Task goal – Give each line of the records again exactly and omit every picture.

★ ★ ★ ★ ★ ★ ★

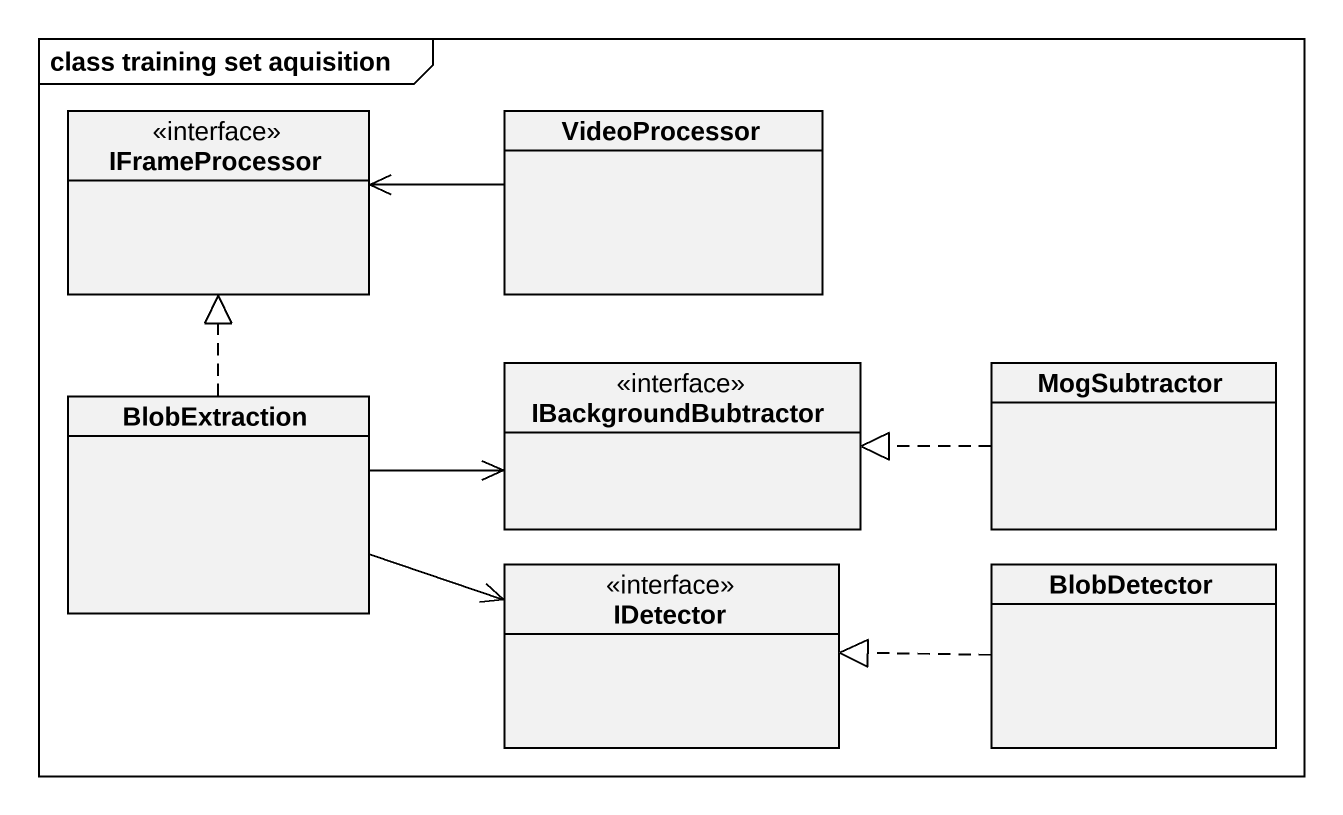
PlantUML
@startuml
mainframe class training set aquisition
hide circle
hide empty members
interface IFrameProcessor
class VideoProcessor
class BlobExtraction
interface IBackgroundBubtractor
class MogSubtractor
interface IDetector
class BlobDetector
VideoProcessor -left-> IFrameProcessor
BlobExtraction .up.|> IFrameProcessor
BlobExtraction -right-> IBackgroundBubtractor
BlobExtraction -right-> IDetector
MogSubtractor .left.|> IBackgroundBubtractor
BlobDetector .left.|> IDetector
@enduml

★ ★ ★ ★ ★ ★ ★

Output of the task –
PlantUML
@startuml
mainframe class training set aquisition
hide circle
hide empty members
interface IFrameProcessor
class VideoProcessor
class BlobExtraction
interface IBackgroundBubtractor
class MogSubtractor
interface IDetector
class BlobDetector
VideoProcessor -left-> IFrameProcessor
BlobExtraction .up.|> IFrameProcessor
BlobExtraction -right-> IBackgroundBubtractor
BlobExtraction -right-> IDetector
MogSubtractor .left.|> IBackgroundBubtractor
BlobDetector .left.|> IDetector
@enduml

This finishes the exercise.